Problem to solve:
Everything from the line with "#258=ORIENTED_EDGE('',*,*,#82,.T.);" to the end of the data is to be retyped exactly, and nothing else.

Records to process:
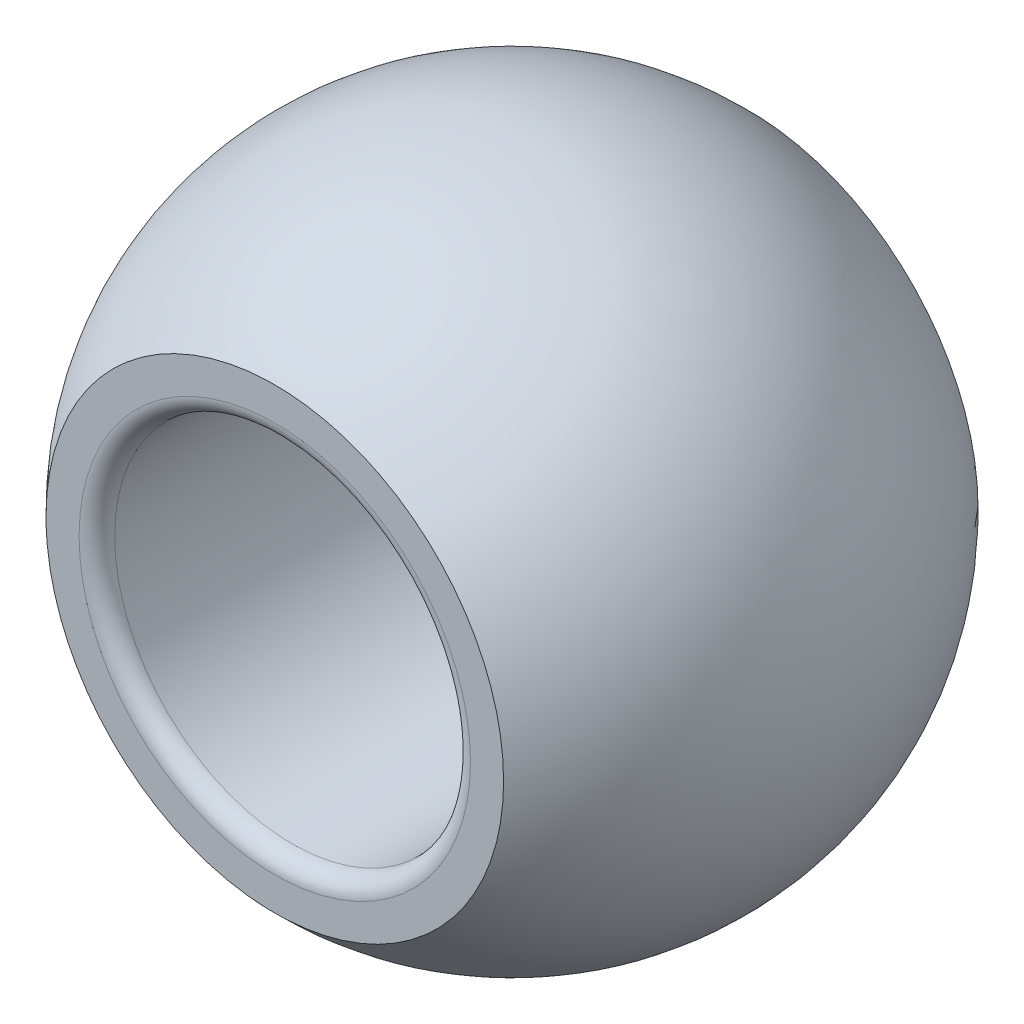
ISO-10303-21;
HEADER;
FILE_DESCRIPTION(('STEP AP214'),'2;1');
FILE_NAME('part.step','',(''),(''),'','','');
FILE_SCHEMA(('AUTOMOTIVE_DESIGN { 1 0 10303 214 1 1 1 1 }'));
ENDSEC;
DATA;
#1=APPLICATION_CONTEXT('core data for automotive mechanical design processes');
#2=APPLICATION_PROTOCOL_DEFINITION('international standard','automotive_design',2000,#1);
#3=PRODUCT_CONTEXT('',#1,'mechanical');
#4=PRODUCT('Part','Part','',(#3));
#5=PRODUCT_RELATED_PRODUCT_CATEGORY('part','',(#4));
#6=PRODUCT_DEFINITION_FORMATION('','',#4);
#7=PRODUCT_DEFINITION_CONTEXT('part definition',#1,'design');
#8=PRODUCT_DEFINITION('design','',#6,#7);
#9=PRODUCT_DEFINITION_SHAPE('','',#8);
#10=(LENGTH_UNIT() NAMED_UNIT(*) SI_UNIT(.MILLI.,.METRE.));
#11=(NAMED_UNIT(*) PLANE_ANGLE_UNIT() SI_UNIT($,.RADIAN.));
#12=(NAMED_UNIT(*) SI_UNIT($,.STERADIAN.) SOLID_ANGLE_UNIT());
#13=UNCERTAINTY_MEASURE_WITH_UNIT(LENGTH_MEASURE(1.E-05),#10,'distance_accuracy_value','');
#14=(GEOMETRIC_REPRESENTATION_CONTEXT(3) GLOBAL_UNCERTAINTY_ASSIGNED_CONTEXT((#13)) GLOBAL_UNIT_ASSIGNED_CONTEXT((#10,
#11,#12)) REPRESENTATION_CONTEXT('',''));
#15=CARTESIAN_POINT('',(0.,0.,0.));
#16=DIRECTION('',(0.,0.,1.));
#17=DIRECTION('',(1.,0.,0.));
#18=AXIS2_PLACEMENT_3D('',#15,#16,#17);
#19=CARTESIAN_POINT('',(0.,0.,-32.));
#20=DIRECTION('',(0.,0.,1.));
#21=DIRECTION('',(1.,0.,0.));
#22=AXIS2_PLACEMENT_3D('',#19,#20,#21);
#23=CYLINDRICAL_SURFACE('',#22,6.);
#24=CARTESIAN_POINT('',(0.,0.,7.4));
#25=DIRECTION('',(0.,0.,-1.));
#26=DIRECTION('',(-1.,0.,0.));
#27=AXIS2_PLACEMENT_3D('',#24,#25,#26);
#28=CIRCLE('',#27,6.);
#29=CARTESIAN_POINT('',(-6.,0.,7.4));
#30=VERTEX_POINT('',#29);
#31=EDGE_CURVE('E55',#30,#30,#28,.T.);
#32=ORIENTED_EDGE('',*,*,#31,.F.);
#33=EDGE_LOOP('',(#32));
#34=FACE_BOUND('',#33,.T.);
#35=CARTESIAN_POINT('',(0.,0.,-7.4));
#36=DIRECTION('',(0.,0.,-1.));
#37=DIRECTION('',(-1.,0.,0.));
#38=AXIS2_PLACEMENT_3D('',#35,#36,#37);
#39=CIRCLE('',#38,6.);
#40=CARTESIAN_POINT('',(-6.,0.,-7.4));
#41=VERTEX_POINT('',#40);
#42=EDGE_CURVE('E50',#41,#41,#39,.F.);
#43=ORIENTED_EDGE('',*,*,#42,.F.);
#44=EDGE_LOOP('',(#43));
#45=FACE_BOUND('',#44,.T.);
#46=ADVANCED_FACE('F16',(#34,#45),#23,.F.);
#47=CARTESIAN_POINT('',(0.,0.,7.4));
#48=DIRECTION('',(0.,0.,-1.));
#49=DIRECTION('',(-1.,0.,0.));
#50=AXIS2_PLACEMENT_3D('',#47,#48,#49);
#51=TOROIDAL_SURFACE('',#50,6.6,0.599999999999997);
#52=CARTESIAN_POINT('',(0.,0.,8.));
#53=DIRECTION('',(0.,0.,1.));
#54=DIRECTION('',(-1.,0.,0.));
#55=AXIS2_PLACEMENT_3D('',#52,#53,#54);
#56=CIRCLE('',#55,6.60000000894069);
#57=CARTESIAN_POINT('',(-6.60000000894069,0.,8.));
#58=VERTEX_POINT('',#57);
#59=EDGE_CURVE('E45',#58,#58,#56,.F.);
#60=ORIENTED_EDGE('',*,*,#59,.F.);
#61=EDGE_LOOP('',(#60));
#62=FACE_BOUND('',#61,.T.);
#63=ORIENTED_EDGE('',*,*,#31,.T.);
#64=EDGE_LOOP('',(#63));
#65=FACE_BOUND('',#64,.T.);
#66=ADVANCED_FACE('F83',(#62,#65),#51,.T.);
#67=CARTESIAN_POINT('',(0.,0.,-7.4));
#68=DIRECTION('',(0.,0.,-1.));
#69=DIRECTION('',(-1.,0.,0.));
#70=AXIS2_PLACEMENT_3D('',#67,#68,#69);
#71=TOROIDAL_SURFACE('',#70,6.6,0.600000000000001);
#72=ORIENTED_EDGE('',*,*,#42,.T.);
#73=EDGE_LOOP('',(#72));
#74=FACE_BOUND('',#73,.T.);
#75=CARTESIAN_POINT('',(0.,0.,-8.));
#76=DIRECTION('',(0.,0.,-1.));
#77=DIRECTION('',(-1.,0.,0.));
#78=AXIS2_PLACEMENT_3D('',#75,#76,#77);
#79=CIRCLE('',#78,6.6);
#80=CARTESIAN_POINT('',(-6.6,0.,-8.));
#81=VERTEX_POINT('',#80);
#82=EDGE_CURVE('E43',#81,#81,#79,.F.);
#83=ORIENTED_EDGE('',*,*,#82,.F.);
#84=EDGE_LOOP('',(#83));
#85=FACE_BOUND('',#84,.T.);
#86=ADVANCED_FACE('F74',(#74,#85),#71,.T.);
#87=CARTESIAN_POINT('',(0.,7.71642566218324,8.));
#88=DIRECTION('',(0.,0.,1.));
#89=DIRECTION('',(1.,0.,0.));
#90=AXIS2_PLACEMENT_3D('',#87,#88,#89);
#91=PLANE('',#90);
#92=CARTESIAN_POINT('',(-7.71642566218324,0.,8.));
#93=CARTESIAN_POINT('',(-7.71642721813256,0.216795540366659,8.));
#94=CARTESIAN_POINT('',(-7.7072854934834,0.433565551410556,8.));
#95=CARTESIAN_POINT('',(-7.67078240400392,0.865637180907458,8.));
#96=CARTESIAN_POINT('',(-7.64341624601397,1.08093839800338,8.));
#97=CARTESIAN_POINT('',(-7.5706195549711,1.50865900151286,8.));
#98=CARTESIAN_POINT('',(-7.52517293532143,1.72107564694176,8.));
#99=CARTESIAN_POINT('',(-7.41651954531681,2.1414009966383,8.));
#100=CARTESIAN_POINT('',(-7.3533062854847,2.34930802376829,8.));
#101=CARTESIAN_POINT('',(-7.20962460944204,2.75891512815718,8.));
#102=CARTESIAN_POINT('',(-7.12916775350529,2.9606192608079,8.));
#103=CARTESIAN_POINT('',(-6.95154474524684,3.35653480836624,8.));
#104=CARTESIAN_POINT('',(-6.85437834127748,3.55074611037707,8.));
#105=CARTESIAN_POINT('',(-6.64405629200293,3.93024061961974,8.));
#106=CARTESIAN_POINT('',(-6.53090493948275,4.1155262060112,8.));
#107=CARTESIAN_POINT('',(-6.28939476174902,4.47591229819199,8.));
#108=CARTESIAN_POINT('',(-6.1610355841035,4.65101256780262,8.));
#109=CARTESIAN_POINT('',(-5.89003507663824,4.98976519802641,8.));
#110=CARTESIAN_POINT('',(-5.74739488867645,5.15341847212547,8.));
#111=CARTESIAN_POINT('',(-5.44878572162065,5.46818403172188,8.));
#112=CARTESIAN_POINT('',(-5.29281214404545,5.61929195481468,8.));
#113=CARTESIAN_POINT('',(-4.96871095155386,5.90780845072594,8.));
#114=CARTESIAN_POINT('',(-4.80058506012391,6.04521895961197,8.));
#115=CARTESIAN_POINT('',(-4.45335229310811,6.30539007268542,8.));
#116=CARTESIAN_POINT('',(-4.27424524651795,6.42815044864551,8.));
#117=CARTESIAN_POINT('',(-3.90633287318738,6.65814167813598,8.));
#118=CARTESIAN_POINT('',(-3.71752791024626,6.76537311363011,8.));
#119=CARTESIAN_POINT('',(-3.3315514979835,6.96355180776663,8.));
#120=CARTESIAN_POINT('',(-3.13437986401021,7.05449870677935,8.));
#121=CARTESIAN_POINT('',(-2.73311324518351,7.21944344720108,8.));
#122=CARTESIAN_POINT('',(-2.52901955585759,7.29344444031624,8.));
#123=CARTESIAN_POINT('',(-2.11525277156875,7.4240157535089,8.));
#124=CARTESIAN_POINT('',(-1.90557776931411,7.48058002969396,8.));
#125=CARTESIAN_POINT('',(-1.48224537022832,7.57583237089715,8.));
#126=CARTESIAN_POINT('',(-1.26858869267098,7.61452363265519,8.));
#127=CARTESIAN_POINT('',(-0.838772025991842,7.67377028156705,8.));
#128=CARTESIAN_POINT('',(-0.622611997952469,7.69432538638816,8.));
#129=CARTESIAN_POINT('',(-0.189333201969583,7.7171523166857,8.));
#130=CARTESIAN_POINT('',(0.0277855460947095,7.71942451949648,8.));
#131=CARTESIAN_POINT('',(0.4614474982083,7.70567032718888,8.));
#132=CARTESIAN_POINT('',(0.677990689431583,7.68964352765634,8.));
#133=CARTESIAN_POINT('',(1.10891750028153,7.63940925205286,8.));
#134=CARTESIAN_POINT('',(1.32330150943936,7.60520511740832,8.));
#135=CARTESIAN_POINT('',(1.74850047696711,7.51884634258199,8.));
#136=CARTESIAN_POINT('',(1.95931417392018,7.46668549147247,8.));
#137=CARTESIAN_POINT('',(2.37575952305097,7.34479775779518,8.));
#138=CARTESIAN_POINT('',(2.58139210004683,7.27507403494756,8.));
#139=CARTESIAN_POINT('',(2.98605582989496,7.11855037148998,8.));
#140=CARTESIAN_POINT('',(3.18508687993011,7.03175016506387,8.));
#141=CARTESIAN_POINT('',(3.57512541288954,6.84169316224413,8.));
#142=CARTESIAN_POINT('',(3.76613304947448,6.7384366811951,8.));
#143=CARTESIAN_POINT('',(4.13877503008105,6.51619753686822,8.));
#144=CARTESIAN_POINT('',(4.32040916684314,6.39721452606457,8.));
#145=CARTESIAN_POINT('',(4.6729756734395,6.14439338983529,8.));
#146=CARTESIAN_POINT('',(4.84391001198571,6.01055800981526,8.));
#147=CARTESIAN_POINT('',(5.17395582461951,5.72891659886735,8.));
#148=CARTESIAN_POINT('',(5.3330631847815,5.58110574691938,8.));
#149=CARTESIAN_POINT('',(5.63823044120104,5.27263168191116,8.));
#150=CARTESIAN_POINT('',(5.78429268957519,5.11197079573644,8.));
#151=CARTESIAN_POINT('',(6.06236582236282,4.77891299226456,8.));
#152=CARTESIAN_POINT('',(6.19437648879503,4.6065158929723,8.));
#153=CARTESIAN_POINT('',(6.44340298283847,4.25121688841,8.));
#154=CARTESIAN_POINT('',(6.56041909049667,4.0683151794225,8.));
#155=CARTESIAN_POINT('',(6.77862988758539,3.69330013964635,8.));
#156=CARTESIAN_POINT('',(6.8798242271409,3.50118660527452,8.));
#157=CARTESIAN_POINT('',(7.06565155818873,3.10915416675878,8.));
#158=CARTESIAN_POINT('',(7.15028763631518,2.90923672569565,8.));
#159=CARTESIAN_POINT('',(7.30244721880508,2.50291212810414,8.));
#160=CARTESIAN_POINT('',(7.36996470542463,2.29650271801864,8.));
#161=CARTESIAN_POINT('',(7.48734451630275,1.87881316195029,8.));
#162=CARTESIAN_POINT('',(7.53721392700378,1.66753500735363,8.));
#163=CARTESIAN_POINT('',(7.61899957092672,1.24143257864582,8.));
#164=CARTESIAN_POINT('',(7.65090765814087,1.0266067409424,8.));
#165=CARTESIAN_POINT('',(7.69650883042319,0.595030433813975,8.));
#166=CARTESIAN_POINT('',(7.71020191549137,0.378279964388973,8.));
#167=CARTESIAN_POINT('',(7.71927366504203,-0.0555055525000449,8.));
#168=CARTESIAN_POINT('',(7.71466062242538,-0.272540426590028,8.));
#169=CARTESIAN_POINT('',(7.68716599664326,-0.70553769078862,8.));
#170=CARTESIAN_POINT('',(7.66427706733969,-0.9214996144849,8.));
#171=CARTESIAN_POINT('',(7.60039551981184,-1.35065152819012,8.));
#172=CARTESIAN_POINT('',(7.55940925741772,-1.56384246434083,8.));
#173=CARTESIAN_POINT('',(7.45961649790552,-1.98605406408899,8.));
#174=CARTESIAN_POINT('',(7.40080667654336,-2.19507394199122,8.));
#175=CARTESIAN_POINT('',(7.26578907830413,-2.60741176488661,8.));
#176=CARTESIAN_POINT('',(7.18958168612297,-2.81072983584679,8.));
#177=CARTESIAN_POINT('',(7.02030840875205,-3.21022718871241,8.));
#178=CARTESIAN_POINT('',(6.92724220867821,-3.40640633719685,8.));
#179=CARTESIAN_POINT('',(6.72491550967436,-3.79022409929501,8.));
#180=CARTESIAN_POINT('',(6.61565526194731,-3.97786284532893,8.));
#181=CARTESIAN_POINT('',(6.38169497218281,-4.34330215080474,8.));
#182=CARTESIAN_POINT('',(6.25699214367193,-4.52110092631427,8.));
#183=CARTESIAN_POINT('',(5.99309490358017,-4.86549948825927,8.));
#184=CARTESIAN_POINT('',(5.85390552262737,-5.03210312948391,8.));
#185=CARTESIAN_POINT('',(5.56196173344269,-5.35302444765135,8.));
#186=CARTESIAN_POINT('',(5.40920482620885,-5.50733985125567,8.));
#187=CARTESIAN_POINT('',(5.09123752949251,-5.80255008346388,8.));
#188=CARTESIAN_POINT('',(4.92602741532236,-5.94344520860411,8.));
#189=CARTESIAN_POINT('',(4.58432195975583,-6.21081967101599,8.));
#190=CARTESIAN_POINT('',(4.40782640218794,-6.3372987320202,8.));
#191=CARTESIAN_POINT('',(4.04481055766487,-6.57493687732098,8.));
#192=CARTESIAN_POINT('',(3.85829042680944,-6.68609620007603,8.));
#193=CARTESIAN_POINT('',(3.47651454713339,-6.8923255048104,8.));
#194=CARTESIAN_POINT('',(3.28125723356515,-6.98739259012181,8.));
#195=CARTESIAN_POINT('',(2.88349581966078,-7.16070692185744,8.));
#196=CARTESIAN_POINT('',(2.68099425091158,-7.23895997843341,8.));
#197=CARTESIAN_POINT('',(2.27008179936662,-7.37814458936442,8.));
#198=CARTESIAN_POINT('',(2.06166983731494,-7.4390729574879,8.));
#199=CARTESIAN_POINT('',(1.64045865062609,-7.54315466925884,8.));
#200=CARTESIAN_POINT('',(1.42765952305042,-7.58630840570953,8.));
#201=CARTESIAN_POINT('',(0.999177923058469,-7.65453671554878,8.));
#202=CARTESIAN_POINT('',(0.783495391223107,-7.67961091578084,8.));
#203=CARTESIAN_POINT('',(0.35078809208442,-7.7115001872456,8.));
#204=CARTESIAN_POINT('',(0.133763345727775,-7.71831554270984,8.));
#205=CARTESIAN_POINT('',(-0.300127722560849,-7.71363906115076,8.));
#206=CARTESIAN_POINT('',(-0.516994009190658,-7.70214394765761,8.));
#207=CARTESIAN_POINT('',(-0.948912024728596,-7.66092929658116,8.));
#208=CARTESIAN_POINT('',(-1.16396435569467,-7.63121606803297,8.));
#209=CARTESIAN_POINT('',(-1.59084195964652,-7.55377461904261,8.));
#210=CARTESIAN_POINT('',(-1.80266662438985,-7.50604304573834,8.));
#211=CARTESIAN_POINT('',(-2.22153724710036,-7.39290601792251,8.));
#212=CARTESIAN_POINT('',(-2.42858331048245,-7.3275009536896,8.));
#213=CARTESIAN_POINT('',(-2.83643730929833,-7.1794786724541,8.));
#214=CARTESIAN_POINT('',(-3.03724501059131,-7.09686081030828,8.));
#215=CARTESIAN_POINT('',(-3.43118336720043,-6.915003245826,8.));
#216=CARTESIAN_POINT('',(-3.62431414204738,-6.81576380241537,8.));
#217=CARTESIAN_POINT('',(-4.0015556401332,-6.60135250721535,8.));
#218=CARTESIAN_POINT('',(-4.18566508256404,-6.48617840191893,8.));
#219=CARTESIAN_POINT('',(-4.5434632846225,-6.24077009162456,8.));
#220=CARTESIAN_POINT('',(-4.71715562948483,-6.11054111373814,8.));
#221=CARTESIAN_POINT('',(-5.05296790644655,-5.83590547480584,8.));
#222=CARTESIAN_POINT('',(-5.21508691281279,-5.69149768180847,8.));
#223=CARTESIAN_POINT('',(-5.52658126427153,-5.38954309847579,8.));
#224=CARTESIAN_POINT('',(-5.67595690465437,-5.23199661275875,8.));
#225=CARTESIAN_POINT('',(-5.96094531275809,-4.90483754716086,8.));
#226=CARTESIAN_POINT('',(-6.09655437971054,-4.73522174350636,8.));
#227=CARTESIAN_POINT('',(-6.35299765965583,-4.38517046435985,8.));
#228=CARTESIAN_POINT('',(-6.47383209514499,-4.2047351518636,8.));
#229=CARTESIAN_POINT('',(-6.69994495262429,-3.83420124021876,8.));
#230=CARTESIAN_POINT('',(-6.805212917157,-3.64409625924306,8.));
#231=CARTESIAN_POINT('',(-6.9993110068574,-3.25576020589278,8.));
#232=CARTESIAN_POINT('',(-7.08814712769354,-3.05753212986006,8.));
#233=CARTESIAN_POINT('',(-7.24872585620836,-2.65447041641922,8.));
#234=CARTESIAN_POINT('',(-7.3204836224143,-2.4496428214149,8.));
#235=CARTESIAN_POINT('',(-7.44647952016495,-2.03474114353487,8.));
#236=CARTESIAN_POINT('',(-7.50072225514528,-1.82466845487834,8.));
#237=CARTESIAN_POINT('',(-7.60261043083393,-1.34789210285364,8.));
#238=CARTESIAN_POINT('',(-7.64525492223338,-1.08010507806901,8.));
#239=CARTESIAN_POINT('',(-7.70216156633068,-0.541532096687393,8.));
#240=CARTESIAN_POINT('',(-7.71642371902854,-0.270746140090408,8.));
#241=CARTESIAN_POINT('',(-7.71642566218324,0.,8.));
#242=B_SPLINE_CURVE_WITH_KNOTS('',3,(#92,#93,#94,#95,#96,#97,#98,#99,#100,#101,#102,#103,#104,
#105,#106,#107,#108,#109,#110,#111,#112,#113,#114,#115,#116,#117,#118,#119,#120,#121,#122,#123,
#124,#125,#126,#127,#128,#129,#130,#131,#132,#133,#134,#135,#136,#137,#138,#139,#140,#141,#142,
#143,#144,#145,#146,#147,#148,#149,#150,#151,#152,#153,#154,#155,#156,#157,#158,#159,#160,#161,
#162,#163,#164,#165,#166,#167,#168,#169,#170,#171,#172,#173,#174,#175,#176,#177,#178,#179,#180,
#181,#182,#183,#184,#185,#186,#187,#188,#189,#190,#191,#192,#193,#194,#195,#196,#197,#198,#199,
#200,#201,#202,#203,#204,#205,#206,#207,#208,#209,#210,#211,#212,#213,#214,#215,#216,#217,#218,
#219,#220,#221,#222,#223,#224,#225,#226,#227,#228,#229,#230,#231,#232,#233,#234,#235,#236,#237,
#238,#239,#240,#241),.UNSPECIFIED.,.T.,.F.,(4,2,2,2,2,2,2,2,2,2,2,2,2,2,2,2,2,2,2,2,2,2,2,2,2,2,
2,2,2,2,2,2,2,2,2,2,2,2,2,2,2,2,2,2,2,2,2,2,2,2,2,2,2,2,2,2,2,2,2,2,2,2,2,2,2,2,2,2,2,2,2,2,2,2,
4),(0.,0.650150129386311,1.30047132059278,1.95137241595318,2.60251157036921,3.25321555270972,
3.90392933558288,4.55446869919498,5.20502314160567,5.85552560951287,6.50625333790674,
7.15688895806837,7.80753471284481,8.4581560776579,9.10879180909972,9.75930643275615,
10.4100462840775,11.0606696999603,11.7113032441757,12.3619233601611,13.0125578553498,
13.6630727897972,14.3138129529165,14.9644361254834,15.6150694265899,16.2656902613858,
16.9163254760443,17.5668406228826,18.2175809978225,18.8682038022549,19.5188366982846,
20.1694574409491,20.8200925690949,21.4706062962024,22.1213483840575,22.7718288743964,
23.4226041402681,24.0733794061398,24.7238598964787,25.3746019843338,26.0251157114413,
26.6757508395871,27.3263715822516,27.9770044782813,28.6276272827137,29.2783676576536,
29.9288828044918,30.5795180191504,31.2301388539463,31.8807721550528,32.5313953276197,
33.182135490739,33.8326504251864,34.4832849203751,35.1339050363605,35.7845385805759,
36.4351619964587,37.08590184778,37.7364164714365,38.3870522028783,39.0376735676914,
39.6883193224678,40.3389549426295,40.9896826710233,41.6401851389305,42.2907395813412,
42.9412789449533,43.5919927278265,44.242696710167,44.893835864583,45.5447369599434,
46.1950581511499,46.8452082805362,47.6571513570078,48.4690944334793),.UNSPECIFIED.);
#243=CARTESIAN_POINT('',(-7.71642566218324,0.,8.));
#244=VERTEX_POINT('',#243);
#245=EDGE_CURVE('E19',#244,#244,#242,.T.);
#246=ORIENTED_EDGE('',*,*,#245,.F.);
#247=EDGE_LOOP('',(#246));
#248=FACE_BOUND('',#247,.T.);
#249=ORIENTED_EDGE('',*,*,#59,.T.);
#250=EDGE_LOOP('',(#249));
#251=FACE_BOUND('',#250,.T.);
#252=ADVANCED_FACE('F82',(#248,#251),#91,.T.);
#253=CARTESIAN_POINT('',(0.,6.6,-8.));
#254=DIRECTION('',(0.,0.,-1.));
#255=DIRECTION('',(-1.,0.,0.));
#256=AXIS2_PLACEMENT_3D('',#253,#254,#255);
#257=PLANE('',#256);
#258=ORIENTED_EDGE('',*,*,#82,.T.);
#259=EDGE_LOOP('',(#258));
#260=FACE_BOUND('',#259,.T.);
#261=CARTESIAN_POINT('',(-7.71642566218323,0.,-8.));
#262=CARTESIAN_POINT('',(-7.71642721813255,-0.216795540366659,-8.));
#263=CARTESIAN_POINT('',(-7.70728549348339,-0.433565551410556,-8.));
#264=CARTESIAN_POINT('',(-7.67078240400392,-0.865637180907458,-8.));
#265=CARTESIAN_POINT('',(-7.64341624601396,-1.08093839800338,-8.));
#266=CARTESIAN_POINT('',(-7.5706195549711,-1.50865900151286,-8.));
#267=CARTESIAN_POINT('',(-7.52517293532142,-1.72107564694176,-8.));
#268=CARTESIAN_POINT('',(-7.41651954531681,-2.1414009966383,-8.));
#269=CARTESIAN_POINT('',(-7.35330628548469,-2.34930802376829,-8.));
#270=CARTESIAN_POINT('',(-7.20962460944203,-2.75891512815718,-8.));
#271=CARTESIAN_POINT('',(-7.12916775350529,-2.9606192608079,-8.));
#272=CARTESIAN_POINT('',(-6.95154474524683,-3.35653480836624,-8.));
#273=CARTESIAN_POINT('',(-6.85437834127747,-3.55074611037707,-8.));
#274=CARTESIAN_POINT('',(-6.64405629200293,-3.93024061961974,-8.));
#275=CARTESIAN_POINT('',(-6.53090493948275,-4.1155262060112,-8.));
#276=CARTESIAN_POINT('',(-6.28939476174902,-4.47591229819199,-8.));
#277=CARTESIAN_POINT('',(-6.1610355841035,-4.65101256780262,-8.));
#278=CARTESIAN_POINT('',(-5.89003507663824,-4.98976519802641,-8.));
#279=CARTESIAN_POINT('',(-5.74739488867645,-5.15341847212547,-8.));
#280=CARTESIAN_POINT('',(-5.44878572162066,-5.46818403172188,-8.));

Answer for the task:
#258=ORIENTED_EDGE('',*,*,#82,.T.);
#259=EDGE_LOOP('',(#258));
#260=FACE_BOUND('',#259,.T.);
#261=CARTESIAN_POINT('',(-7.71642566218323,0.,-8.));
#262=CARTESIAN_POINT('',(-7.71642721813255,-0.216795540366659,-8.));
#263=CARTESIAN_POINT('',(-7.70728549348339,-0.433565551410556,-8.));
#264=CARTESIAN_POINT('',(-7.67078240400392,-0.865637180907458,-8.));
#265=CARTESIAN_POINT('',(-7.64341624601396,-1.08093839800338,-8.));
#266=CARTESIAN_POINT('',(-7.5706195549711,-1.50865900151286,-8.));
#267=CARTESIAN_POINT('',(-7.52517293532142,-1.72107564694176,-8.));
#268=CARTESIAN_POINT('',(-7.41651954531681,-2.1414009966383,-8.));
#269=CARTESIAN_POINT('',(-7.35330628548469,-2.34930802376829,-8.));
#270=CARTESIAN_POINT('',(-7.20962460944203,-2.75891512815718,-8.));
#271=CARTESIAN_POINT('',(-7.12916775350529,-2.9606192608079,-8.));
#272=CARTESIAN_POINT('',(-6.95154474524683,-3.35653480836624,-8.));
#273=CARTESIAN_POINT('',(-6.85437834127747,-3.55074611037707,-8.));
#274=CARTESIAN_POINT('',(-6.64405629200293,-3.93024061961974,-8.));
#275=CARTESIAN_POINT('',(-6.53090493948275,-4.1155262060112,-8.));
#276=CARTESIAN_POINT('',(-6.28939476174902,-4.47591229819199,-8.));
#277=CARTESIAN_POINT('',(-6.1610355841035,-4.65101256780262,-8.));
#278=CARTESIAN_POINT('',(-5.89003507663824,-4.98976519802641,-8.));
#279=CARTESIAN_POINT('',(-5.74739488867645,-5.15341847212547,-8.));
#280=CARTESIAN_POINT('',(-5.44878572162066,-5.46818403172188,-8.));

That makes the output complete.